When I arrived at Columbia, a 30-year-old software entrepreneur with a chip on his shoulder about never finishing college, I was pretty fearless. Tackle art history, no problem. Learn Chinese, no problem. Fearless.

Well, that’s not quite true. Actually, I was afraid of math. Terrified, really. There, I’ve said it. All those clichés you’ve heard about computer people being good at math? I was the exception.

So, as excited as I was to major in computer science, I was dreading — dreading — the two or three math courses I had to take. The centerpiece of which was discrete math. (Important tip: any time someone puts a qualifier in front of the word “math” — pure math, applied math, discrete math — buckle your seatbelt.)

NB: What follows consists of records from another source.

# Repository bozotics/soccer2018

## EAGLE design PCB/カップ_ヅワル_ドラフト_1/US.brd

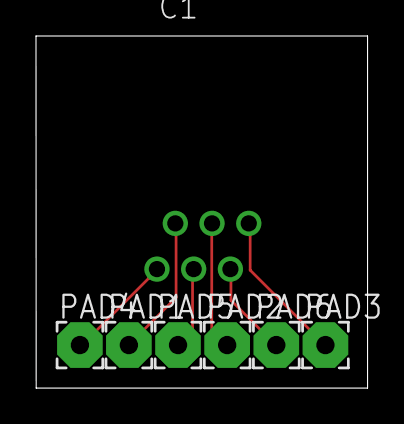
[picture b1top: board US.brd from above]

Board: 2 copper layers, 18.4 x 19.6 mm, 7 parts (0 on the bottom side), 6 nets.

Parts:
C1: 6P6C_FEMALE
PAD1, PAD2, PAD3, PAD4, PAD5, PAD6: 2,54/1,0

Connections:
unnamed: C1.1, PAD1.1
unnamed: C1.2, PAD2.1
unnamed: C1.3, PAD3.1
unnamed: C1.4, PAD4.1
unnamed: C1.5, PAD5.1
unnamed: C1.6, PAD6.1

Of course, my luck, the professor who taught the class — Jonathan L. Gross — was renown for giving the hardest exams ever. For instance, one student noted that his tests are “often referred to as ‘the learning experience.'” That sounds like code for pain, doesn’t it?

Yet students also raved about how brilliant and funny he was, how he influenced their thinking, encouraged them to “become their own experts.” And his repertoire of entertaining anecdotes was legendary. I have to admit, I was intrigued.

So, in a rare moment of bravery, I decided to face my fear and sign up. Bring it on, Professor Gross.

And he did. I won’t sugar coat it, that course was one of the toughest intellectual challenges of my life. The exams? As advertised, ridiculously hard. (Although I suppose, like fish tales, they get a little harder every time I relate them.)

But everything I’d heard about Gross’s brilliance, humor, wisdom, and wit was true too. This guy was inspiring. He didn’t just teach us discrete math. He taught us mathematical thinking, the logic of proofs, creative problem solving — and in some Zen way, how it related to life. It was a difficult class for me, but — and I probably can’t convince you of this second-hand — it also was fun.

In fact, the strangest thing happened: I, of all people, fell in love with math.

Now, love is one thing. Survival is another. It was a struggle to pull myself up from the mathematical swampland of my past to the Olympian plateau on which this class was at. But Professor Gross shared a few pragmatic strategies for scaling that mountain that helped me tremendously.

In fact, these strategies were so good, that long after I graduated, and forgot almost all of the math I worked so hard to learn, they stuck with me. Because not only were they useful for solving really hard math problems, I found them insightful for conquering other challenges in life too.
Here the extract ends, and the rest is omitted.